_Brief_.
The listing below holds a line with "#34=DIRECTION('',(0.,1.,0.));" and a later line with "#54=EDGE_CURVE('E220',#47,#31,#53,.T.);". Write out those two lines and every line between them, exactly, and nothing else.

= = = =

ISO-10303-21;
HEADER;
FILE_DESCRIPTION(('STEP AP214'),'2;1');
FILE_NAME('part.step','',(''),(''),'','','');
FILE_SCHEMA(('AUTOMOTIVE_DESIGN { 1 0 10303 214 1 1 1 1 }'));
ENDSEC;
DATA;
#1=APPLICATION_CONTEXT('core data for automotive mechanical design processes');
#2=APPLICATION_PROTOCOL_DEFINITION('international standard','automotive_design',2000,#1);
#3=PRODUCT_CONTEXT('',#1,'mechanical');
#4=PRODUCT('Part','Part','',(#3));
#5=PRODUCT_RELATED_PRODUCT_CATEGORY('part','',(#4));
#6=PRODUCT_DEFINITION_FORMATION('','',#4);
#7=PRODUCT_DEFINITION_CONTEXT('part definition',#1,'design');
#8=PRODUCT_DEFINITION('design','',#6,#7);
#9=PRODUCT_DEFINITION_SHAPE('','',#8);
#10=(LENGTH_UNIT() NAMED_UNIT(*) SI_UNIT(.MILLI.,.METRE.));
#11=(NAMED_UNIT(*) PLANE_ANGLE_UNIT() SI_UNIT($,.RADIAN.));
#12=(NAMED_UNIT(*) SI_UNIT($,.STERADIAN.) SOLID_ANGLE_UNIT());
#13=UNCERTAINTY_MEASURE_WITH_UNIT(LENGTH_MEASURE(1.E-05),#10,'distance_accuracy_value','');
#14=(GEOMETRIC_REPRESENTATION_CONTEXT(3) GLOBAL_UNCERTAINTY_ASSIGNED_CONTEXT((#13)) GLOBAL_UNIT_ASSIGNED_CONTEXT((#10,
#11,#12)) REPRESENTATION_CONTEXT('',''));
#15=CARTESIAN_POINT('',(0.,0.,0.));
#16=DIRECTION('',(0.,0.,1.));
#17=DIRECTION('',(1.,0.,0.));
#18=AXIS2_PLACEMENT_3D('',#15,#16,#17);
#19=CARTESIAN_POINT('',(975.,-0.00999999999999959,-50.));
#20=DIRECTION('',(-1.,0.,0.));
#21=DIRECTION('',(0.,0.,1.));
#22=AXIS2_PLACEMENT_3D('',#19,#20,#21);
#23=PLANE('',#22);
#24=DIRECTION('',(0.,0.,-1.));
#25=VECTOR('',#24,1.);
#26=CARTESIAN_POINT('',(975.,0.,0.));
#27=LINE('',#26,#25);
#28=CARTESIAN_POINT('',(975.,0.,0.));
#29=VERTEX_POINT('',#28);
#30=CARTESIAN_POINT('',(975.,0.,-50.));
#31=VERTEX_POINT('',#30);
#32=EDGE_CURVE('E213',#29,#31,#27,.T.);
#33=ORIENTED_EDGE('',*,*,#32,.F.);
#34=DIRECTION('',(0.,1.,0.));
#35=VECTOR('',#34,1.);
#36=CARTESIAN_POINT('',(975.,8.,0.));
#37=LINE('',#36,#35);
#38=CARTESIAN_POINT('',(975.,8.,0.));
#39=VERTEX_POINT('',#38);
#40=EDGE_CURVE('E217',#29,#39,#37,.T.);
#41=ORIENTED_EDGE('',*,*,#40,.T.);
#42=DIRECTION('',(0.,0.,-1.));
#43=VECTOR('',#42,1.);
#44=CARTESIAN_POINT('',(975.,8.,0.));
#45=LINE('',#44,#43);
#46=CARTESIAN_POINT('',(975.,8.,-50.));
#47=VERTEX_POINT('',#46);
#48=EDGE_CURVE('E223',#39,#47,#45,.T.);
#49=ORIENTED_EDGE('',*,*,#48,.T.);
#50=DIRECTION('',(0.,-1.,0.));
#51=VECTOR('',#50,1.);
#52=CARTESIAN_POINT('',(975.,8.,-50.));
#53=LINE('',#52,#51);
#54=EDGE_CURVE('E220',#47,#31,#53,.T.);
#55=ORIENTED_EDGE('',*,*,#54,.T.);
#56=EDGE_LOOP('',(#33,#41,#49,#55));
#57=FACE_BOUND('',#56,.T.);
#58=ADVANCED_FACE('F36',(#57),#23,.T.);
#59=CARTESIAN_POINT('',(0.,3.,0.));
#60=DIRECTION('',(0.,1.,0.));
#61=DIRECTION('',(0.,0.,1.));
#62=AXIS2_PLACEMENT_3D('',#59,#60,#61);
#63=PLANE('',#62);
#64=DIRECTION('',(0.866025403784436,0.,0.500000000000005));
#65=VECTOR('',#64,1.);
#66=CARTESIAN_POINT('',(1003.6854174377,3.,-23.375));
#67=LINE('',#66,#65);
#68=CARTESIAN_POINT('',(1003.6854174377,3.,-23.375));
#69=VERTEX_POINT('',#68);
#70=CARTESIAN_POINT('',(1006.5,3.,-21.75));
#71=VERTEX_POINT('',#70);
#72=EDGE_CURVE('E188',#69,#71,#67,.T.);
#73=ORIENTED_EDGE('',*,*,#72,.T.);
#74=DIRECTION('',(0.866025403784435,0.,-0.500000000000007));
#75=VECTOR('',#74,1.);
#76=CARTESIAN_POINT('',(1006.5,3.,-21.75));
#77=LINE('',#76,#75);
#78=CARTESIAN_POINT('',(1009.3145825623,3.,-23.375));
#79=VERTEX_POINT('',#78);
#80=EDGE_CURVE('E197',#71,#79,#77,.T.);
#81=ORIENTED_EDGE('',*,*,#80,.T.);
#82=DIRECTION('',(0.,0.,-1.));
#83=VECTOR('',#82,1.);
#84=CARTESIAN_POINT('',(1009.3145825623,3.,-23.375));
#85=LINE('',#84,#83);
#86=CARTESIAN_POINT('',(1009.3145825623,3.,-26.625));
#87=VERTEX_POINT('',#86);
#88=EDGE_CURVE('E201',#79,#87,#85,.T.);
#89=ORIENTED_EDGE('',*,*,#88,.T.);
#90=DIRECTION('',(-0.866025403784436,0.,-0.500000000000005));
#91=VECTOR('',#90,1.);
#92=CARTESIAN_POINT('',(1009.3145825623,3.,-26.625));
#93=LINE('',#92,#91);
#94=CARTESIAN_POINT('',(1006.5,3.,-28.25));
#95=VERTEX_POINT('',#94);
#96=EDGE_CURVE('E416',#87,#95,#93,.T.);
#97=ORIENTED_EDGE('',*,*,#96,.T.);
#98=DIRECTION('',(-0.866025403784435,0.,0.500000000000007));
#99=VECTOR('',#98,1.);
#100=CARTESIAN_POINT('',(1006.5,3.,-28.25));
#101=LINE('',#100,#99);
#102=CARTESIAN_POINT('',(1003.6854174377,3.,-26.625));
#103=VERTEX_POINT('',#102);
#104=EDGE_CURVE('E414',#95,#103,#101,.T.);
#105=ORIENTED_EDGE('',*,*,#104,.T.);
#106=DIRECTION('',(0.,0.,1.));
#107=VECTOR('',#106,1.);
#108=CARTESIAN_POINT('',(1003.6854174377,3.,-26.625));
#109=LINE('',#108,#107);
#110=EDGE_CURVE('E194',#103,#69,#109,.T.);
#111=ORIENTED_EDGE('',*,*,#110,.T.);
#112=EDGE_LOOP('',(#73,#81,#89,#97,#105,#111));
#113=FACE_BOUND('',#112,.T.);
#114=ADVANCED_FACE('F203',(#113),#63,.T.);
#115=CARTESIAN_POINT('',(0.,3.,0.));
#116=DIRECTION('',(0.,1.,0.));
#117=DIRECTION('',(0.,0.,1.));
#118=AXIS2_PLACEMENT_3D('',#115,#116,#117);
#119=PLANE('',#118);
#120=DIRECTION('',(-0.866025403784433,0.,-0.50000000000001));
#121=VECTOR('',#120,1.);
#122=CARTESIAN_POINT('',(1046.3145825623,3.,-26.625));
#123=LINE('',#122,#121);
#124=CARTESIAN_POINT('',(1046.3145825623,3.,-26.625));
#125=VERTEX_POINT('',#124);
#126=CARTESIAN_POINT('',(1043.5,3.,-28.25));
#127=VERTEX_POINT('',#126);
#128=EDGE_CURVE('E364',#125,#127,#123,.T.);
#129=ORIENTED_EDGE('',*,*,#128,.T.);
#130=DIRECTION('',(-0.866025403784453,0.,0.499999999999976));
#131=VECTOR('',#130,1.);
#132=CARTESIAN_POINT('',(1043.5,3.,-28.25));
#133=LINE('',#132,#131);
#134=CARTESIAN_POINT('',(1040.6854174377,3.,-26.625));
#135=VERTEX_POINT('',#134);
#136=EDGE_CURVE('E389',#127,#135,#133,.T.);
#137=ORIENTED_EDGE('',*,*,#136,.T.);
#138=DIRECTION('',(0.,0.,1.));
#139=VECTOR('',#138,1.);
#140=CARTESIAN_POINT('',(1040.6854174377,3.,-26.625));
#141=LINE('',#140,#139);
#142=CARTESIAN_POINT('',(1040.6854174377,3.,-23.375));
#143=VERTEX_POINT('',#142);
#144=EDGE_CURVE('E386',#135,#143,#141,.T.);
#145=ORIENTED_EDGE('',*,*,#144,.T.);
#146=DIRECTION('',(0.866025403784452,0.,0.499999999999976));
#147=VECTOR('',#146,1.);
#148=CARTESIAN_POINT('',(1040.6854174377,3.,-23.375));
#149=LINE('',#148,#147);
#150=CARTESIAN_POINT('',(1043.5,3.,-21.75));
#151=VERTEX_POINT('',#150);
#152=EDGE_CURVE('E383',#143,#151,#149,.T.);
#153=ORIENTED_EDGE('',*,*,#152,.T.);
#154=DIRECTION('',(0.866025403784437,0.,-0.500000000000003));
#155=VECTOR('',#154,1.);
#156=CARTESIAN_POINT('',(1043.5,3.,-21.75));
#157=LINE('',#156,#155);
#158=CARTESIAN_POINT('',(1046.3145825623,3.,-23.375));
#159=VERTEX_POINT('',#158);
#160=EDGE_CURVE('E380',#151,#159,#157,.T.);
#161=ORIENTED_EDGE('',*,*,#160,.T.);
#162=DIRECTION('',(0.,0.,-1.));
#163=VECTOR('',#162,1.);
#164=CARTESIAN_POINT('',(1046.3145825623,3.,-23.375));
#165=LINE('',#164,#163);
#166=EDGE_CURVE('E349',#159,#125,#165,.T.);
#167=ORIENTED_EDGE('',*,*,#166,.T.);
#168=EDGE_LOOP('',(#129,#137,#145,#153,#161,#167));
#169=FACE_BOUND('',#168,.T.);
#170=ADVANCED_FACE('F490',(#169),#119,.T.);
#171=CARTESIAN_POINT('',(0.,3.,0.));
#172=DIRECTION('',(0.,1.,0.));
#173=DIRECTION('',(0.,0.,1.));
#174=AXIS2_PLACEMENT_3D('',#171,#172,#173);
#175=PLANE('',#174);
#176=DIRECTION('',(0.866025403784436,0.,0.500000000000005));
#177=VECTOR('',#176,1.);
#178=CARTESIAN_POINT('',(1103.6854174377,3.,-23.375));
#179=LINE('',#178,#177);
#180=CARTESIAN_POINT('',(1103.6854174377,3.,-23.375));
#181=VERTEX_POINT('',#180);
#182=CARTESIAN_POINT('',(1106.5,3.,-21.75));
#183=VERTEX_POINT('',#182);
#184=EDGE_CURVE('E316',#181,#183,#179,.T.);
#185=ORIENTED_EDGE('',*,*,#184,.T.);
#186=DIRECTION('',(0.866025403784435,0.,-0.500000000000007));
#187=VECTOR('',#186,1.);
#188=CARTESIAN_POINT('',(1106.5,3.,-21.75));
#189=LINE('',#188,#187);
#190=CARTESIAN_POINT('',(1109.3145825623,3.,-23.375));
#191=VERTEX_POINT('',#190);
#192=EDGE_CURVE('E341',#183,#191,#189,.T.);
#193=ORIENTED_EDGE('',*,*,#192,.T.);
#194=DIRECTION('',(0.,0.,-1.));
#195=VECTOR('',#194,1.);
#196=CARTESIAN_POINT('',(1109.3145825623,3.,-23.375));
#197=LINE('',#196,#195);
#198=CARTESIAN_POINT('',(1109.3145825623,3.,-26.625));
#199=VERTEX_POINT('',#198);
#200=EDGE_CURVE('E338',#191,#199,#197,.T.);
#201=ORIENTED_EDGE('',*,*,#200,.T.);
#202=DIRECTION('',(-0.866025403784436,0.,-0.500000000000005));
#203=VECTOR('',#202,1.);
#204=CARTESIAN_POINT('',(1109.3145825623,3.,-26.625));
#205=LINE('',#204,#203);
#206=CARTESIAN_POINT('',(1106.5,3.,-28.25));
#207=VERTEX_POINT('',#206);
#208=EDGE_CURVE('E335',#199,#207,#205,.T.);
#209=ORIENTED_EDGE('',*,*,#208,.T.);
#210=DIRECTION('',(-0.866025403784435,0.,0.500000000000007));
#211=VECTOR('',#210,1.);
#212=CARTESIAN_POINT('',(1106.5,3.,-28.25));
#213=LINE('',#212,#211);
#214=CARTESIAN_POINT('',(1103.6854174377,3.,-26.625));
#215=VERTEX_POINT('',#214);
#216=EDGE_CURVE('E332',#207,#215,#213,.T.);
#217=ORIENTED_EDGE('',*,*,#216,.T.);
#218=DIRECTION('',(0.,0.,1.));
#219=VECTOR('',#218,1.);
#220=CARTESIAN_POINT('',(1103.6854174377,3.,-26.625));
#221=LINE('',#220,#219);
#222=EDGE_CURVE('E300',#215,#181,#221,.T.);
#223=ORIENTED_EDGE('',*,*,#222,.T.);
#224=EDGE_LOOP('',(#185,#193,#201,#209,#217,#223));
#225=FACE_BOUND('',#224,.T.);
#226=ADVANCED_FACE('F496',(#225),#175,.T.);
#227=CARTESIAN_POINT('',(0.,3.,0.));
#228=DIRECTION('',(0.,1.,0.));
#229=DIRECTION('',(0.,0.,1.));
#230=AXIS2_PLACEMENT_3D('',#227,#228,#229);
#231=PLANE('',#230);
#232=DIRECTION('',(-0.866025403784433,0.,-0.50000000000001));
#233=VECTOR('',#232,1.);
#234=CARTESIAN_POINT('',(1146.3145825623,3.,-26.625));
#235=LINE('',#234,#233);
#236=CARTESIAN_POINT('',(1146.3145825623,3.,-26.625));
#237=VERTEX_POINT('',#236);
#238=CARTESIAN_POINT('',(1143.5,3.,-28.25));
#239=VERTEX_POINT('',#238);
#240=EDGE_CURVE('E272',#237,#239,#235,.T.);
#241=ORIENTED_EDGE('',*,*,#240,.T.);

= = = =

_Output for this exercise_.
#34=DIRECTION('',(0.,1.,0.));
#35=VECTOR('',#34,1.);
#36=CARTESIAN_POINT('',(975.,8.,0.));
#37=LINE('',#36,#35);
#38=CARTESIAN_POINT('',(975.,8.,0.));
#39=VERTEX_POINT('',#38);
#40=EDGE_CURVE('E217',#29,#39,#37,.T.);
#41=ORIENTED_EDGE('',*,*,#40,.T.);
#42=DIRECTION('',(0.,0.,-1.));
#43=VECTOR('',#42,1.);
#44=CARTESIAN_POINT('',(975.,8.,0.));
#45=LINE('',#44,#43);
#46=CARTESIAN_POINT('',(975.,8.,-50.));
#47=VERTEX_POINT('',#46);
#48=EDGE_CURVE('E223',#39,#47,#45,.T.);
#49=ORIENTED_EDGE('',*,*,#48,.T.);
#50=DIRECTION('',(0.,-1.,0.));
#51=VECTOR('',#50,1.);
#52=CARTESIAN_POINT('',(975.,8.,-50.));
#53=LINE('',#52,#51);
#54=EDGE_CURVE('E220',#47,#31,#53,.T.);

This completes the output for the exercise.